Nonlinear Statistical Mechanics Drives Intrinsic Electrostriction and Volumetric Torque in Polymer Networks

Matthew Grasinger
Pittsburgh Quantum Institute, University of Pittsburgh
Department of Civil and Environmental Engineering
Carnegie Mellon University, Pittsburgh, PA
UES Inc.
Materials and Manufacturing Directorate, Air Force Research Laboratory
matthew.grasinger.ctr@afresearchlab.com

Carmel Majidi
Department of Civil and Environmental Engineering
Department of Mechanical Engineering
Department of Materials Science and Engineering
Carnegie Mellon University
Pittsburgh, PA 15213

Kaushik Dayal
Pittsburgh Quantum Institute, University of Pittsburgh
Department of Civil and Environmental Engineering
Department of Materials Science and Engineering
Center for Nonlinear Analysis, Department of Mathematical Sciences
Carnegie Mellon University, Pittsburgh, PA
Kaushik.Dayal@cmu.edu

Abstract: Statistical mechanics is an important tool for understanding polymer electroelasticity because the elasticity of polymers is primarily due to entropy.

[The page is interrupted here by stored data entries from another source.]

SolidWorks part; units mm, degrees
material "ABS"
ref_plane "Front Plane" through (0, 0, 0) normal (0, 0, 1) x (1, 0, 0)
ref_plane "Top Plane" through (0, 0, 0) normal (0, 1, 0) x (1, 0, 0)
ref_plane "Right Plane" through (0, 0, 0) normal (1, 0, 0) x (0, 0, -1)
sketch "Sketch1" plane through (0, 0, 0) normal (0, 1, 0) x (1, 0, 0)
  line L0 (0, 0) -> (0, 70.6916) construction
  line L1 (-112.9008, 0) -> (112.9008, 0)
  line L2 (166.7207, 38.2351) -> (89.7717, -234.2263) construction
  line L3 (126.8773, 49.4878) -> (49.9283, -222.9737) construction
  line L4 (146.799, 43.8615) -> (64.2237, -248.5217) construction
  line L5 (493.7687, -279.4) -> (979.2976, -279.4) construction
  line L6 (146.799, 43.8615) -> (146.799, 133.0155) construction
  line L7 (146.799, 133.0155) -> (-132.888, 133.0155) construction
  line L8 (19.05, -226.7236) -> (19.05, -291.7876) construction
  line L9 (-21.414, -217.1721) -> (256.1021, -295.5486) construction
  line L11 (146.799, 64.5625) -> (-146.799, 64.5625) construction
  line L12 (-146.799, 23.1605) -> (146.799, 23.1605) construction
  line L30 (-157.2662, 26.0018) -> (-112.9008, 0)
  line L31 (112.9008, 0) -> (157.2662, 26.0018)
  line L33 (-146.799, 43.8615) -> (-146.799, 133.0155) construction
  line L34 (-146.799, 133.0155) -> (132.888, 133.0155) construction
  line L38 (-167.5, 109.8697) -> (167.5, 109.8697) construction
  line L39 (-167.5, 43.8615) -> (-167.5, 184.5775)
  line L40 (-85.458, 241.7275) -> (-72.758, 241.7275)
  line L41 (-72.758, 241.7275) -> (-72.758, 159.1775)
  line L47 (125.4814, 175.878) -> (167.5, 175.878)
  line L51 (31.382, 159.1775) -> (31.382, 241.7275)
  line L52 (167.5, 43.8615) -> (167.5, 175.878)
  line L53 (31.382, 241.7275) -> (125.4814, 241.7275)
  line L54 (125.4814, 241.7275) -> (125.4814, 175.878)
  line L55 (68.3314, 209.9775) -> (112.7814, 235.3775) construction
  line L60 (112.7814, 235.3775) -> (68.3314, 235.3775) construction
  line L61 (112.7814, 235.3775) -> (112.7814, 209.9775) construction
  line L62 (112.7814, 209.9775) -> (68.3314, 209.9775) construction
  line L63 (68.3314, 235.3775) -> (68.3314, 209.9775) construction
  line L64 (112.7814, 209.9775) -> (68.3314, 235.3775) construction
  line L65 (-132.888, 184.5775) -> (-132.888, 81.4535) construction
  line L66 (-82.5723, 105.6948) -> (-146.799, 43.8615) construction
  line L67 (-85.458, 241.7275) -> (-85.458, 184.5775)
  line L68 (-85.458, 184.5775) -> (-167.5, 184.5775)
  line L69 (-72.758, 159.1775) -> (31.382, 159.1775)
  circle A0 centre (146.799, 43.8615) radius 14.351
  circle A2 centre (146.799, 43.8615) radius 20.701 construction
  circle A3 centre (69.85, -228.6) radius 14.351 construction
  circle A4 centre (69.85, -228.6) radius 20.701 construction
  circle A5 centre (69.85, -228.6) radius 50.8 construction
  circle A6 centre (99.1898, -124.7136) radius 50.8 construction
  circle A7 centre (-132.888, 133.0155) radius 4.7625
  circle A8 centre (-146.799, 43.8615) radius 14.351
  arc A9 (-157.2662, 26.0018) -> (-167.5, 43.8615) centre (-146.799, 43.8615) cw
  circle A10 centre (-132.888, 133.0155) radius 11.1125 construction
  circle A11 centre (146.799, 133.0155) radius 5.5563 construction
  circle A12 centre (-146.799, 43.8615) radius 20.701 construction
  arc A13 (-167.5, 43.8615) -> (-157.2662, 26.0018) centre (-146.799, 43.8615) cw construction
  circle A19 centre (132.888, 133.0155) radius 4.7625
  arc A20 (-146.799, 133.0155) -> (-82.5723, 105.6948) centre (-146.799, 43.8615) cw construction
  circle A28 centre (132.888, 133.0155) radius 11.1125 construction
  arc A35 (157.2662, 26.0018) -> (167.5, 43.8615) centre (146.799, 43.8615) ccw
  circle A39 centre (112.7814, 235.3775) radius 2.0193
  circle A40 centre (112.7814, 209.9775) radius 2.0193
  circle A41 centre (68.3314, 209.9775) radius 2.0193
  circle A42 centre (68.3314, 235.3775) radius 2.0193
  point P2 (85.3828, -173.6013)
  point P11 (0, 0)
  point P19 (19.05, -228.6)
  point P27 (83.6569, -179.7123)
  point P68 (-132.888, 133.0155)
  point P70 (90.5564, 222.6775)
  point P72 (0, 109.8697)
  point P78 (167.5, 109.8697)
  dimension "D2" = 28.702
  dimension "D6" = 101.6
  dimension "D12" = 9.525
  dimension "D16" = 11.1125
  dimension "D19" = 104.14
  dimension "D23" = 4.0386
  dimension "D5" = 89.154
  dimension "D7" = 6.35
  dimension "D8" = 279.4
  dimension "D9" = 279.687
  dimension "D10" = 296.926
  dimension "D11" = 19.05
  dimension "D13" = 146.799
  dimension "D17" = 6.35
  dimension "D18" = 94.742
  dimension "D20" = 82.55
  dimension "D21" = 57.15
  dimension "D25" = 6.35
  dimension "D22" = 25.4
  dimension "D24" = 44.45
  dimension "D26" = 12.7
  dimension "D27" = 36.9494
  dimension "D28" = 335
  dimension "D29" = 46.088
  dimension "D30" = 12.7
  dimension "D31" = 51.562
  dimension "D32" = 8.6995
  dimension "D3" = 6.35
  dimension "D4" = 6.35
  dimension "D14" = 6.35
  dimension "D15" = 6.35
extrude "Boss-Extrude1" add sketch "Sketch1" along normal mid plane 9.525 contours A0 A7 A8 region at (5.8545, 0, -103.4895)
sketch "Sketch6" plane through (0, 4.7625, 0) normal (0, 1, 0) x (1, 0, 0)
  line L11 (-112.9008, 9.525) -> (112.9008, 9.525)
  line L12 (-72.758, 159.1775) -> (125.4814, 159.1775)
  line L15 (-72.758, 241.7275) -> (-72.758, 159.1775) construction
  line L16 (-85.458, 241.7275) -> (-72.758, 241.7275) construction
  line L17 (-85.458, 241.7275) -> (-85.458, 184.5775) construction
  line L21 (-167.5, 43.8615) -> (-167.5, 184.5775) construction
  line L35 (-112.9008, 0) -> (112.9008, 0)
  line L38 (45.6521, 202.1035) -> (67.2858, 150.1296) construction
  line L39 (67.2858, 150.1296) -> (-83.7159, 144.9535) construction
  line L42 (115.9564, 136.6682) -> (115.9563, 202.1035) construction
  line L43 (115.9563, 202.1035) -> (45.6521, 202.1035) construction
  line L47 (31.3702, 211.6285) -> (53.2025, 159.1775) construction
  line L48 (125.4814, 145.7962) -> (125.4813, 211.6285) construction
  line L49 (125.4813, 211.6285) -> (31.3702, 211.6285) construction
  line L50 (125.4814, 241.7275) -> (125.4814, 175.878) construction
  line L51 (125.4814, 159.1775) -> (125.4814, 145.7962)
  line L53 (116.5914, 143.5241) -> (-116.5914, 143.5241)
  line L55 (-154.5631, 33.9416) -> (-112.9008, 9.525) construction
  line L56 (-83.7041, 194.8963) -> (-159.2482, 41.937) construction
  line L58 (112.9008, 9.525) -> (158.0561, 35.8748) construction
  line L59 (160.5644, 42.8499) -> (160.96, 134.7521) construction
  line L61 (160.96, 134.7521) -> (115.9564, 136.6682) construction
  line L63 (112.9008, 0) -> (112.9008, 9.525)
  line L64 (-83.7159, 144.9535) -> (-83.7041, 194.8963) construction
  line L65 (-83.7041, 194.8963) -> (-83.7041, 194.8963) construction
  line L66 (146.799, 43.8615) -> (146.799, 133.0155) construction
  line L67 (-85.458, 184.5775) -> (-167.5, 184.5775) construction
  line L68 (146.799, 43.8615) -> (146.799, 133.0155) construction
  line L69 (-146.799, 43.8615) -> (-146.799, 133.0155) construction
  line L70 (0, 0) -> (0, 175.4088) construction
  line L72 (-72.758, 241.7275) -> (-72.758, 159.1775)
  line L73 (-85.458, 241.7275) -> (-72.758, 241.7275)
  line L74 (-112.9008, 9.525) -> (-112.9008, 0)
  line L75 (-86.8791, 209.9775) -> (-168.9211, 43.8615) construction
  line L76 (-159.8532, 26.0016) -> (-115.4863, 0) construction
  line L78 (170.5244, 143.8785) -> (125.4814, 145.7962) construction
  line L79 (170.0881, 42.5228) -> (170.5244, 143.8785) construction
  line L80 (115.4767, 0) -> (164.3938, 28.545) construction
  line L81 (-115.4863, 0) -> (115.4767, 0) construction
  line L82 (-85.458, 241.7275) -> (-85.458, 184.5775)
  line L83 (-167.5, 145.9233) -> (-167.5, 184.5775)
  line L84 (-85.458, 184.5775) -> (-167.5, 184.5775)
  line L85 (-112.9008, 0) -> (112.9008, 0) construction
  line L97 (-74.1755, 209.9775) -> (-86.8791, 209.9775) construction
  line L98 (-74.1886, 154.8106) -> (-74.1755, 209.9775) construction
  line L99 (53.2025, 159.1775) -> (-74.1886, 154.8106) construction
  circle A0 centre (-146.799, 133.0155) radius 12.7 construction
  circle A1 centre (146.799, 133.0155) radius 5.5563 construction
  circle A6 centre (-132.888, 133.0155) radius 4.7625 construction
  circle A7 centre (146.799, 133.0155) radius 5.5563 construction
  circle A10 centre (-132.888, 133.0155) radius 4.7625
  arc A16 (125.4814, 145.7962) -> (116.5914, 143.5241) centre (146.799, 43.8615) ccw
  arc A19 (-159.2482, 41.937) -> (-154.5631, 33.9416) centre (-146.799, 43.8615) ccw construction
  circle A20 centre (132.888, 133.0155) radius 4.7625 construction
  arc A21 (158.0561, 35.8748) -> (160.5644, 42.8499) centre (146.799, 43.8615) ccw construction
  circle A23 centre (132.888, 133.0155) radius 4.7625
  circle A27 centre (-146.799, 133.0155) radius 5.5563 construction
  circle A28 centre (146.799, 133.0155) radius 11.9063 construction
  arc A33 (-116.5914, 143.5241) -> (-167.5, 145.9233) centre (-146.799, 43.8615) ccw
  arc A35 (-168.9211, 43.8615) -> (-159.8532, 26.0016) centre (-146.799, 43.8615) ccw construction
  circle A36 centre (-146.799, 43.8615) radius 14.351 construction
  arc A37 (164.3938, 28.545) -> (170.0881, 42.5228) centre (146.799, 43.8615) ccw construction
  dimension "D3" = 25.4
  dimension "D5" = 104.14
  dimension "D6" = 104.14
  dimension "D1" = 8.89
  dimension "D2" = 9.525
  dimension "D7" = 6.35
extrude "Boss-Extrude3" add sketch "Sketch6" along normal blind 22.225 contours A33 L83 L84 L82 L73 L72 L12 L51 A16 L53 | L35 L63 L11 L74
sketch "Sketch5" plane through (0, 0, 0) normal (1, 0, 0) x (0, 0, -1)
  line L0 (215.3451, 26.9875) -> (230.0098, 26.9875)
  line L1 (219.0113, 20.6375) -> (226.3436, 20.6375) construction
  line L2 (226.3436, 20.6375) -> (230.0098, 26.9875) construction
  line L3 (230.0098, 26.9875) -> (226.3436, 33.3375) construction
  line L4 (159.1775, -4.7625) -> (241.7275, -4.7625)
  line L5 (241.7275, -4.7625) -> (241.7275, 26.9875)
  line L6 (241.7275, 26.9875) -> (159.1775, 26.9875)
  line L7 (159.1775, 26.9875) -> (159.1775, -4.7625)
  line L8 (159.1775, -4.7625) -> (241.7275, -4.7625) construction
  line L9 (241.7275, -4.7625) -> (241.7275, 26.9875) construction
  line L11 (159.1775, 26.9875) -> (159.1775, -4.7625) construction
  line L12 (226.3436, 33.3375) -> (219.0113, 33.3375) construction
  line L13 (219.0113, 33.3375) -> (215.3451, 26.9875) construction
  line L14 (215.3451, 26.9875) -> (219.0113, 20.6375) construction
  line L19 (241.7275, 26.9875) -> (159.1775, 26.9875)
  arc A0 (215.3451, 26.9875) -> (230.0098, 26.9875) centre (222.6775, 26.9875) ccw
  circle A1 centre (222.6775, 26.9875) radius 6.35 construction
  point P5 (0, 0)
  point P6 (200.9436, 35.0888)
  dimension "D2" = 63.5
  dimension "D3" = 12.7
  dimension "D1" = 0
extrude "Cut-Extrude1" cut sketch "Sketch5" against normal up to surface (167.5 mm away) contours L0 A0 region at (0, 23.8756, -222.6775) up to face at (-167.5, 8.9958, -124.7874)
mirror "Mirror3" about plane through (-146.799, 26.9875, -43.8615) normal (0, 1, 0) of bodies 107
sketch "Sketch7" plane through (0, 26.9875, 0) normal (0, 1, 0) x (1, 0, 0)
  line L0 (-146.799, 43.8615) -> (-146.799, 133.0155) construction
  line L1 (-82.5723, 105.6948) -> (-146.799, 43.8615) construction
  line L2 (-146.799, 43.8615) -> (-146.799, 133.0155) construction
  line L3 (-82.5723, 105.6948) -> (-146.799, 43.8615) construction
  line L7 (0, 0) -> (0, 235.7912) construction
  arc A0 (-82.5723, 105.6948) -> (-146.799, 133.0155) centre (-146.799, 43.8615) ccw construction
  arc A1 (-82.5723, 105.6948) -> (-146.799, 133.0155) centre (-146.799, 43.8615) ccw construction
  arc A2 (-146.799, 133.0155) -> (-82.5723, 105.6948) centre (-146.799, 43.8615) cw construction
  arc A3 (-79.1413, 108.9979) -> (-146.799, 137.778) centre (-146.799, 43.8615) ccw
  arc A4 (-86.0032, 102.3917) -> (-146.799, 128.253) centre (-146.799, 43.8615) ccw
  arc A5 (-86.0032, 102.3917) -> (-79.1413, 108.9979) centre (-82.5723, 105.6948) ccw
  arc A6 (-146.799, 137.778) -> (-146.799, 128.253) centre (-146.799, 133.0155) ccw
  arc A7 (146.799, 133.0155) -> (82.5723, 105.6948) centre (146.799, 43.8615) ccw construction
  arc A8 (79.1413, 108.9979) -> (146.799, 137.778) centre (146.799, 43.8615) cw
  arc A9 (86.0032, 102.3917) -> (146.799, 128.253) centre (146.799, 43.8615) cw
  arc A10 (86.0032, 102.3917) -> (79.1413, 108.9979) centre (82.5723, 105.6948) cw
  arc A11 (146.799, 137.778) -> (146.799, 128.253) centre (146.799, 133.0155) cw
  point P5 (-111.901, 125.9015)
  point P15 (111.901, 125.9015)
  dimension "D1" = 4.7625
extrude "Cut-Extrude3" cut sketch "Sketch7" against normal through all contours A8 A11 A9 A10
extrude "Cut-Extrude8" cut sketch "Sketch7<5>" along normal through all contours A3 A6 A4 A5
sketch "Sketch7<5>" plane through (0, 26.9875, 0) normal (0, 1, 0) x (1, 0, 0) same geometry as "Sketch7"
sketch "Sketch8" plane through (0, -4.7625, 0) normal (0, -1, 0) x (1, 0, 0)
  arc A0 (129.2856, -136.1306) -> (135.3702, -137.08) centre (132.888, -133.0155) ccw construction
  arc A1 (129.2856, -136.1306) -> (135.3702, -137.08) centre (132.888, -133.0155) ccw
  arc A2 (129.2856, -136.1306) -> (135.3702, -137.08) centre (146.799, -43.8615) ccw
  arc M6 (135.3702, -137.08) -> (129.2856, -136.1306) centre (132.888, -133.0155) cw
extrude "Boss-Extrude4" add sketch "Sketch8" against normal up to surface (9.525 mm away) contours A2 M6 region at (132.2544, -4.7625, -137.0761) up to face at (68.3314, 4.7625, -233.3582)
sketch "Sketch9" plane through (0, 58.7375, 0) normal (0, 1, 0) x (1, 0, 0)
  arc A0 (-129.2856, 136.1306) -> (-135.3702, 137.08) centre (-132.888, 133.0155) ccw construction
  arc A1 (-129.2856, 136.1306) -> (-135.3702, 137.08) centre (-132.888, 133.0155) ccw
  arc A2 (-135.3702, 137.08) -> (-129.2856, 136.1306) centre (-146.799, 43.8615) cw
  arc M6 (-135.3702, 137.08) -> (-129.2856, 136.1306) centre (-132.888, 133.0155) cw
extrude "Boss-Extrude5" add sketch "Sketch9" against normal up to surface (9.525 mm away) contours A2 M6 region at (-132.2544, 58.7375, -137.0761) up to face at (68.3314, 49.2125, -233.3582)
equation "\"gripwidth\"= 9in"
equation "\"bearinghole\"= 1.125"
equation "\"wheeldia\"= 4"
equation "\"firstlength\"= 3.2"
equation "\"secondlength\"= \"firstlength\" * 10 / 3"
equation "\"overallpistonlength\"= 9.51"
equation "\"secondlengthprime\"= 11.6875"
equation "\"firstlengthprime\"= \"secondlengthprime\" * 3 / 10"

However, a common approach for the statistical mechanics of polymer chains, the Gaussian chain approximation, misses key physics. By considering the nonlinearities of the problem, we show a strong coupling between the deformation of a polymer chain and its dielectric response; that is, its net dipole. When chains with this coupling are cross-linked in an elastomer network and an electric field is applied, the field breaks the symmetry of the elastomer’s elastic properties, and, combined with electrostatic torque and incompressibility, leads to intrinsic electrostriction. Conversely, deformation can break the symmetry of the dielectric response leading to volumetric torque (i.e., a couple stress or torque per unit volume) and asymmetric actuation. Both phenomena have important implications for designing high-efficiency soft actuators and soft electroactive materials; and the presence of mechanisms for volumetric torque, in particular, can be used to develop higher degree of freedom actuators and to achieve bioinspired locomotion.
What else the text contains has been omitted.